[DATA SHOWN — start]

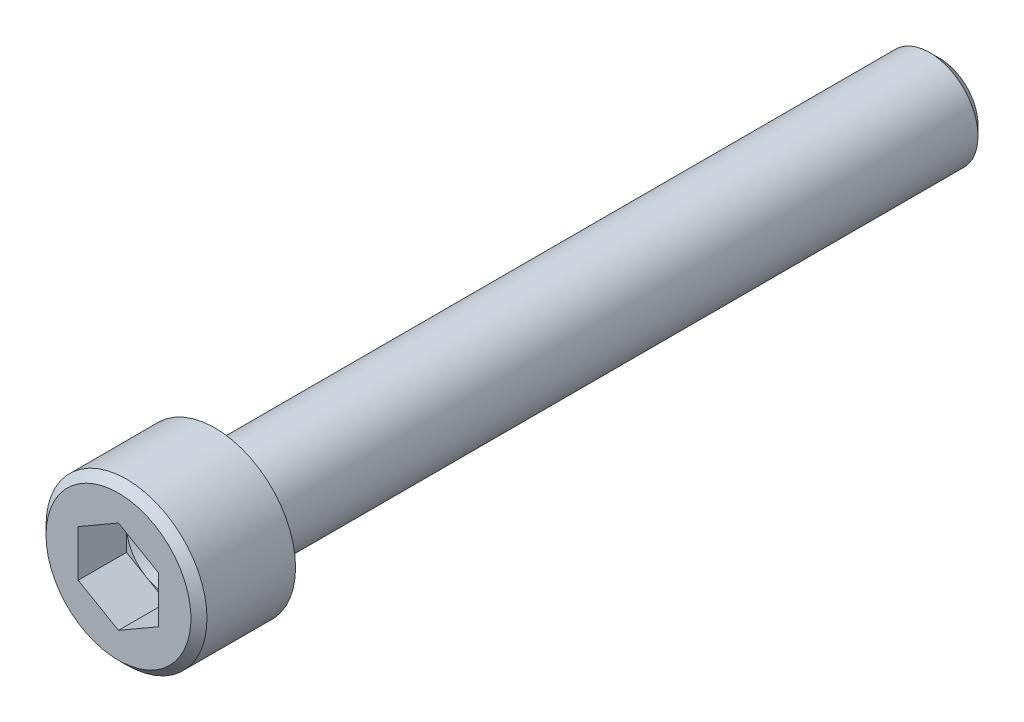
ISO-10303-21;
HEADER;
FILE_DESCRIPTION(('STEP AP214'),'2;1');
FILE_NAME('part.step','',(''),(''),'','','');
FILE_SCHEMA(('AUTOMOTIVE_DESIGN { 1 0 10303 214 1 1 1 1 }'));
ENDSEC;
DATA;
#1=APPLICATION_CONTEXT('core data for automotive mechanical design processes');
#2=APPLICATION_PROTOCOL_DEFINITION('international standard','automotive_design',2000,#1);
#3=PRODUCT_CONTEXT('',#1,'mechanical');
#4=PRODUCT('Part','Part','',(#3));
#5=PRODUCT_RELATED_PRODUCT_CATEGORY('part','',(#4));
#6=PRODUCT_DEFINITION_FORMATION('','',#4);
#7=PRODUCT_DEFINITION_CONTEXT('part definition',#1,'design');
#8=PRODUCT_DEFINITION('design','',#6,#7);
#9=PRODUCT_DEFINITION_SHAPE('','',#8);
#10=(LENGTH_UNIT() NAMED_UNIT(*) SI_UNIT(.MILLI.,.METRE.));
#11=(NAMED_UNIT(*) PLANE_ANGLE_UNIT() SI_UNIT($,.RADIAN.));
#12=(NAMED_UNIT(*) SI_UNIT($,.STERADIAN.) SOLID_ANGLE_UNIT());
#13=UNCERTAINTY_MEASURE_WITH_UNIT(LENGTH_MEASURE(1.E-05),#10,'distance_accuracy_value','');
#14=(GEOMETRIC_REPRESENTATION_CONTEXT(3) GLOBAL_UNCERTAINTY_ASSIGNED_CONTEXT((#13)) GLOBAL_UNIT_ASSIGNED_CONTEXT((#10,
#11,#12)) REPRESENTATION_CONTEXT('',''));
#15=CARTESIAN_POINT('',(0.,0.,0.));
#16=DIRECTION('',(0.,0.,1.));
#17=DIRECTION('',(1.,0.,0.));
#18=AXIS2_PLACEMENT_3D('',#15,#16,#17);
#19=CARTESIAN_POINT('',(0.,0.,3.));
#20=DIRECTION('',(0.,0.,1.));
#21=DIRECTION('',(1.,0.,0.));
#22=AXIS2_PLACEMENT_3D('',#19,#20,#21);
#23=PLANE('',#22);
#24=CARTESIAN_POINT('',(0.,0.,2.99999999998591));
#25=DIRECTION('',(0.,0.,1.));
#26=DIRECTION('',(1.,0.,0.));
#27=AXIS2_PLACEMENT_3D('',#24,#25,#26);
#28=CIRCLE('',#27,2.49999999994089);
#29=CARTESIAN_POINT('',(2.49999999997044,0.,2.99999999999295));
#30=VERTEX_POINT('',#29);
#31=CARTESIAN_POINT('',(1.24999999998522,-2.1650635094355,2.99999999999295));
#32=VERTEX_POINT('',#31);
#33=EDGE_CURVE('E19',#30,#32,#28,.F.);
#34=ORIENTED_EDGE('',*,*,#33,.T.);
#35=DIRECTION('',(0.866025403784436,0.5,0.));
#36=VECTOR('',#35,1.);
#37=CARTESIAN_POINT('',(1.25,-2.1650635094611,3.));
#38=LINE('',#37,#36);
#39=CARTESIAN_POINT('',(2.5,-1.44337567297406,3.));
#40=VERTEX_POINT('',#39);
#41=EDGE_CURVE('E92',#32,#40,#38,.T.);
#42=ORIENTED_EDGE('',*,*,#41,.T.);
#43=DIRECTION('',(0.,1.,0.));
#44=VECTOR('',#43,1.);
#45=CARTESIAN_POINT('',(2.5,0.,3.));
#46=LINE('',#45,#44);
#47=EDGE_CURVE('E88',#40,#30,#46,.T.);
#48=ORIENTED_EDGE('',*,*,#47,.T.);
#49=EDGE_LOOP('',(#34,#42,#48));
#50=FACE_BOUND('',#49,.T.);
#51=ADVANCED_FACE('F16',(#50),#23,.T.);
#52=CARTESIAN_POINT('',(0.,0.,3.));
#53=DIRECTION('',(0.,0.,1.));
#54=DIRECTION('',(1.,0.,0.));
#55=AXIS2_PLACEMENT_3D('',#52,#53,#54);
#56=PLANE('',#55);
#57=CARTESIAN_POINT('',(0.,0.,2.99999999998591));
#58=DIRECTION('',(0.,0.,1.));
#59=DIRECTION('',(1.,0.,0.));
#60=AXIS2_PLACEMENT_3D('',#57,#58,#59);
#61=CIRCLE('',#60,2.49999999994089);
#62=CARTESIAN_POINT('',(-1.24999999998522,-2.1650635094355,2.99999999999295));
#63=VERTEX_POINT('',#62);
#64=EDGE_CURVE('E107',#32,#63,#61,.F.);
#65=ORIENTED_EDGE('',*,*,#64,.T.);
#66=DIRECTION('',(0.866025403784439,-0.5,0.));
#67=VECTOR('',#66,1.);
#68=CARTESIAN_POINT('',(-1.25,-2.1650635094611,3.));
#69=LINE('',#68,#67);
#70=CARTESIAN_POINT('',(0.,-2.88675134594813,3.));
#71=VERTEX_POINT('',#70);
#72=EDGE_CURVE('E157',#63,#71,#69,.T.);
#73=ORIENTED_EDGE('',*,*,#72,.T.);
#74=DIRECTION('',(0.866025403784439,0.5,0.));
#75=VECTOR('',#74,1.);
#76=CARTESIAN_POINT('',(0.,-2.88675134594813,3.));
#77=LINE('',#76,#75);
#78=EDGE_CURVE('E162',#71,#32,#77,.T.);
#79=ORIENTED_EDGE('',*,*,#78,.T.);
#80=EDGE_LOOP('',(#65,#73,#79));
#81=FACE_BOUND('',#80,.T.);
#82=ADVANCED_FACE('F216',(#81),#56,.T.);
#83=CARTESIAN_POINT('',(0.,0.,3.));
#84=DIRECTION('',(0.,0.,1.));
#85=DIRECTION('',(1.,0.,0.));
#86=AXIS2_PLACEMENT_3D('',#83,#84,#85);
#87=PLANE('',#86);
#88=CARTESIAN_POINT('',(0.,0.,2.99999999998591));
#89=DIRECTION('',(0.,0.,1.));
#90=DIRECTION('',(1.,0.,0.));
#91=AXIS2_PLACEMENT_3D('',#88,#89,#90);
#92=CIRCLE('',#91,2.49999999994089);
#93=CARTESIAN_POINT('',(-2.49999999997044,0.,2.99999999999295));
#94=VERTEX_POINT('',#93);
#95=EDGE_CURVE('E213',#63,#94,#92,.F.);
#96=ORIENTED_EDGE('',*,*,#95,.T.);
#97=DIRECTION('',(0.,1.,0.));
#98=VECTOR('',#97,1.);
#99=CARTESIAN_POINT('',(-2.5,0.,3.));
#100=LINE('',#99,#98);
#101=CARTESIAN_POINT('',(-2.5,-1.44337567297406,3.));
#102=VERTEX_POINT('',#101);
#103=EDGE_CURVE('E147',#94,#102,#100,.F.);
#104=ORIENTED_EDGE('',*,*,#103,.T.);
#105=DIRECTION('',(0.866025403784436,-0.5,0.));
#106=VECTOR('',#105,1.);
#107=CARTESIAN_POINT('',(-2.5,-1.44337567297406,3.));
#108=LINE('',#107,#106);
#109=EDGE_CURVE('E152',#102,#63,#108,.T.);
#110=ORIENTED_EDGE('',*,*,#109,.T.);
#111=EDGE_LOOP('',(#96,#104,#110));
#112=FACE_BOUND('',#111,.T.);
#113=ADVANCED_FACE('F218',(#112),#87,.T.);
#114=CARTESIAN_POINT('',(0.,0.,3.));
#115=DIRECTION('',(0.,0.,1.));
#116=DIRECTION('',(1.,0.,0.));
#117=AXIS2_PLACEMENT_3D('',#114,#115,#116);
#118=PLANE('',#117);
#119=CARTESIAN_POINT('',(0.,0.,2.99999999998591));
#120=DIRECTION('',(0.,0.,1.));
#121=DIRECTION('',(1.,0.,0.));
#122=AXIS2_PLACEMENT_3D('',#119,#120,#121);
#123=CIRCLE('',#122,2.49999999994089);
#124=CARTESIAN_POINT('',(-1.24999999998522,2.1650635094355,2.99999999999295));
#125=VERTEX_POINT('',#124);
#126=EDGE_CURVE('E210',#94,#125,#123,.F.);
#127=ORIENTED_EDGE('',*,*,#126,.T.);
#128=DIRECTION('',(-0.866025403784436,-0.5,0.));
#129=VECTOR('',#128,1.);
#130=CARTESIAN_POINT('',(-1.25,2.1650635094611,3.));
#131=LINE('',#130,#129);
#132=CARTESIAN_POINT('',(-2.5,1.44337567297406,3.));
#133=VERTEX_POINT('',#132);
#134=EDGE_CURVE('E137',#125,#133,#131,.T.);
#135=ORIENTED_EDGE('',*,*,#134,.T.);
#136=DIRECTION('',(0.,1.,0.));
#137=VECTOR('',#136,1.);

[DATA SHOWN — finish]

*WORK INSTRUCTIONS:* Beginning with the line that contains "#134=EDGE_CURVE('E137',#125,#133,#131,.T.);", return every line to the end of the listing, unchanged, and nothing else.

*TASK SOLUTION:*
#134=EDGE_CURVE('E137',#125,#133,#131,.T.);
#135=ORIENTED_EDGE('',*,*,#134,.T.);
#136=DIRECTION('',(0.,1.,0.));
#137=VECTOR('',#136,1.);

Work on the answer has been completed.